The rapid growth of credit to non-bank financial institutions (NBFIs) since the global financial crises continued in the fourth quarter of 2018 when total worldwide cross-border bank claims grew only 1.0 percent, according to the Bank for International Settlements (BIS).
After growing in 2016, global cross-border lending was largely steady in the last 2 years as higher lending to borrowers from advanced economies in 2018 was offset by a decline in lending to borrowers from emerging and developing economies, and offshore centers, BIS said in its latest release of international banking statistics for the end of 2018.
Total global cross-border claims grew by $134 billion, or 1.0 percent year-on-year in, during the fourth quarter of last year to an outstanding amount of $29 trillion, propelled by an 8 percent rise in claims on NBFIs, short-hand for an vast number of firms that provide financial services but do not have a full banking license and does not accept customer deposits.

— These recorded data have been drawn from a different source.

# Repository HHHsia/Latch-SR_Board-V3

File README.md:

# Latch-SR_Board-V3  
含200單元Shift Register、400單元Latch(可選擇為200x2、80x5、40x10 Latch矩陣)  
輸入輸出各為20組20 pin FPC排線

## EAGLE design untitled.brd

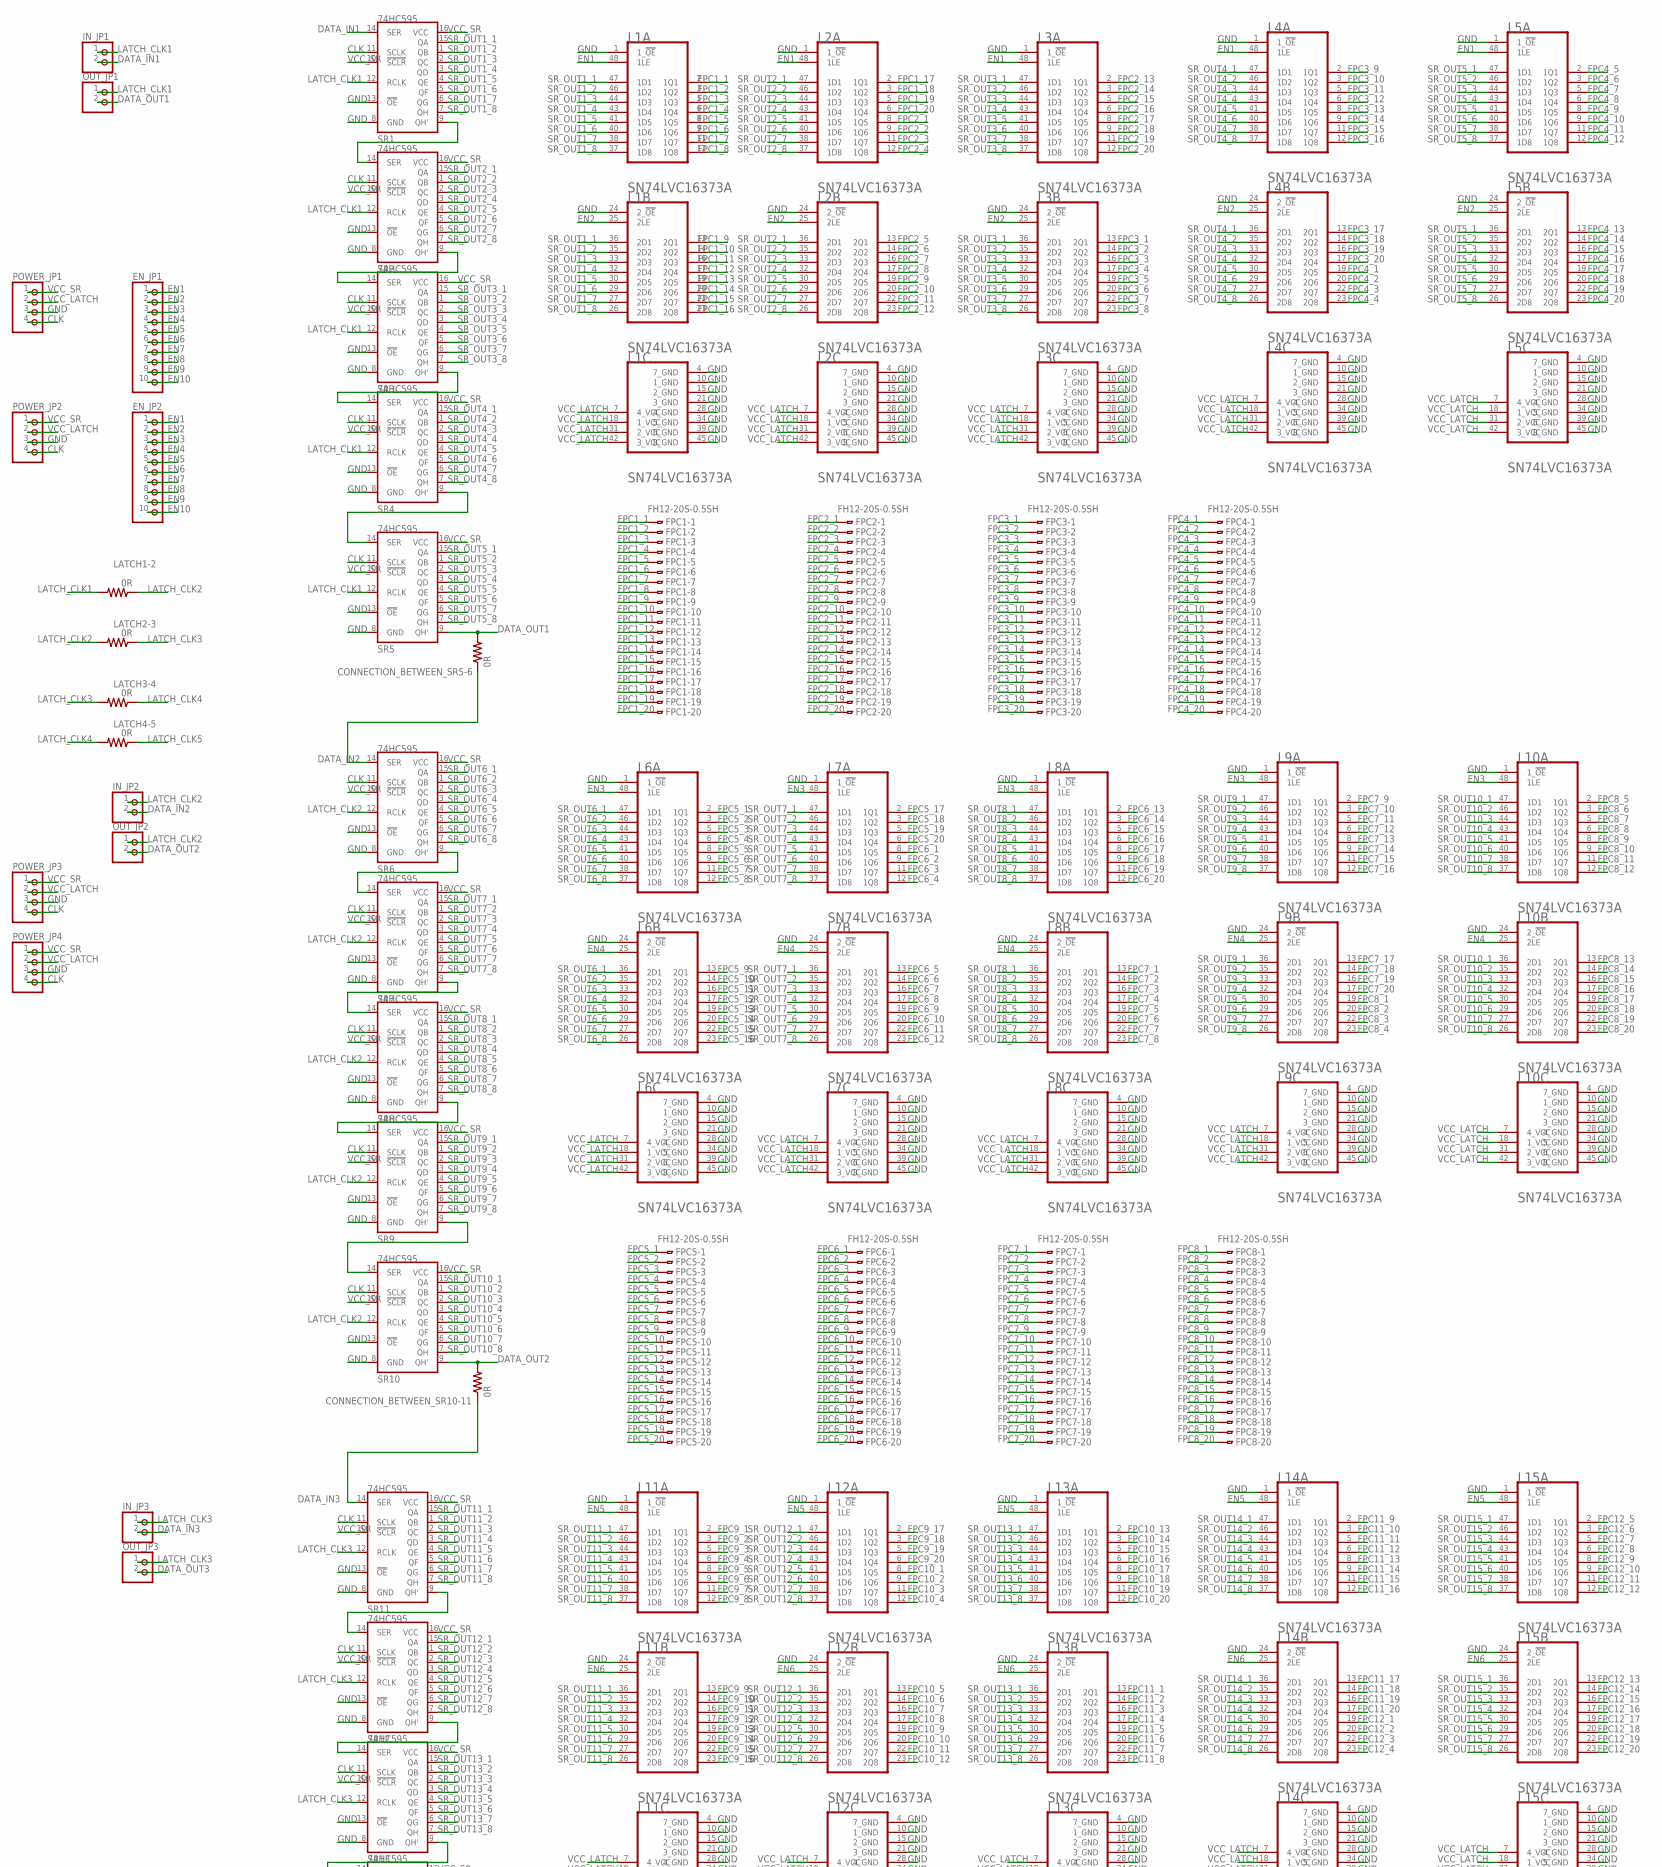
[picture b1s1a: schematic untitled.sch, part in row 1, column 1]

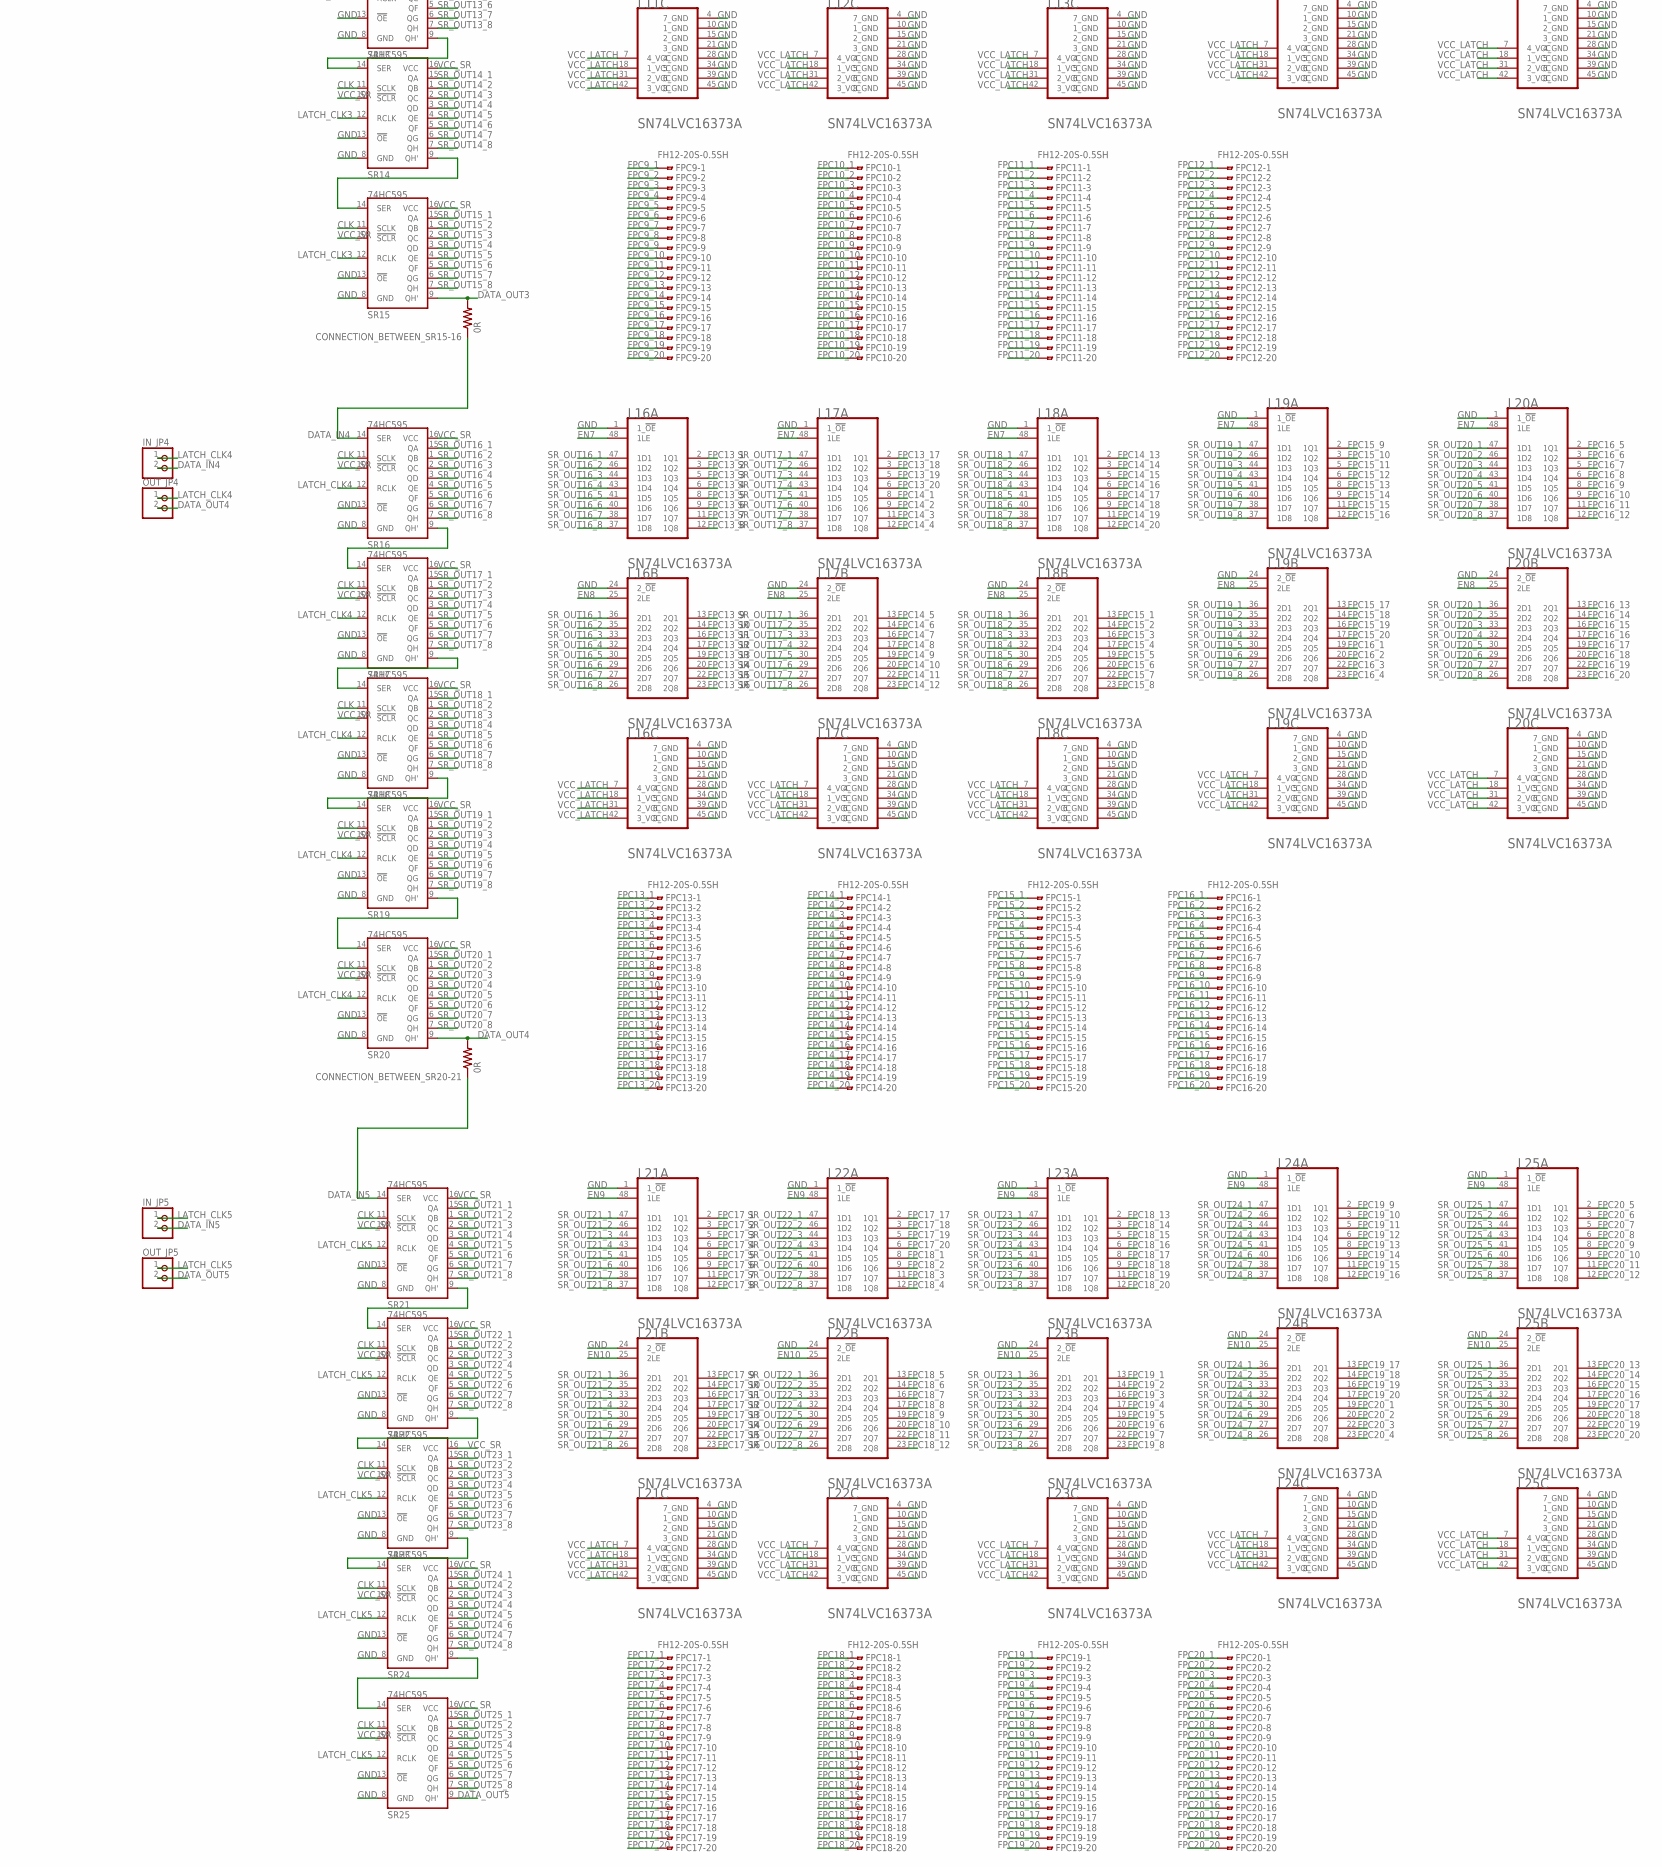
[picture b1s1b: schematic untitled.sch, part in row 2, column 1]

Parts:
CONNECTION_BETWEEN_SR5-6, CONNECTION_BETWEEN_SR10-11, CONNECTION_BETWEEN_SR15-16, CONNECTION_BETWEEN_SR20-21: 0R; M0805
EN_JP1, EN_JP2: PINHD-1X10; 1X10
FPC1, FPC2, FPC3, FPC4, FPC5, FPC6, FPC7, FPC8, FPC9, FPC10, FPC11, FPC12, FPC13, FPC14, FPC15, FPC16, FPC17, FPC18, FPC19, FPC20: FH12-20S-0.5SH
IN_JP1, IN_JP2, IN_JP3, IN_JP4, IN_JP5: PINHD-1X2; 1X02
L1, L2, L3, L4, L5, L6, L7, L8, L9, L10, L11, L12, L13, L14, L15, L16, L17, L18, L19, L20, L21, L22, L23, L24, L25: TEXAS_INSTRUMENTS_SN74LVC16373ATEXAS_INSTRUMENTS_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; TEXAS_INSTRUMENTS_SN74LVC16373A_2
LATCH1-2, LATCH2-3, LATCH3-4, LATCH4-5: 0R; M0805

One of the effects of the global financial crises was that banking regulators tightened their supervision of major banks, forcing them to retreat from some riskier financing operations.
Into this breach, stepped non-bank financial firms, such as insurance companies, specialized lenders, or institutional investors such as pension funds and brokerage firms.
Between end-2015 and end-2018 cross-border claims on NBFIs grew by an annual pace of 8 percent in stark contrast to 0 percent growth in lending to banks and only 2 percent growth in lending to non-financial borrowers.
Another illustration of the shrinking role of banks is that cross-border claims on banks fell by an annual 1 percent by end-2018 while claims on non-banks was up by nearly 5 percent, data from BIS, know as the central banks’ bank, showed.
The bulk of credit to NBFIs, nearly 80 percent, is focused on a small number of jurisdictions, with nearly half of the total global stock of $6 trillion in claims against borrowers in the US (24 percent), the euro area (23 percent), the Cayman Islands (18 percent) and the UK (14 percent).
After rising sharply in 2016 and 2017, lending to emerging and developing economies slowed last year, especially to borrowers in developing Europe, while lending to Latin American revived.
Overall claims on emerging market and developing economies slowed from 9 percent growth at the end of 2017 to 3 percent by the end of 2018, with roughly half of the $30 billion in claims in the fourth quarter going to borrowers in developing Asia and Pacific.
Claims on Asia and Pacific rose $15 billion in the fourth quarter, bringing annual growth to 5 percent, with claims on China up $9 billion, the Philippines by $4 billion, Indonesia by $3 billion and Thailand by $2 billion.
In contrast, cross-border lending to Taiwan fell by $11 billion, Swiss-based BIS said.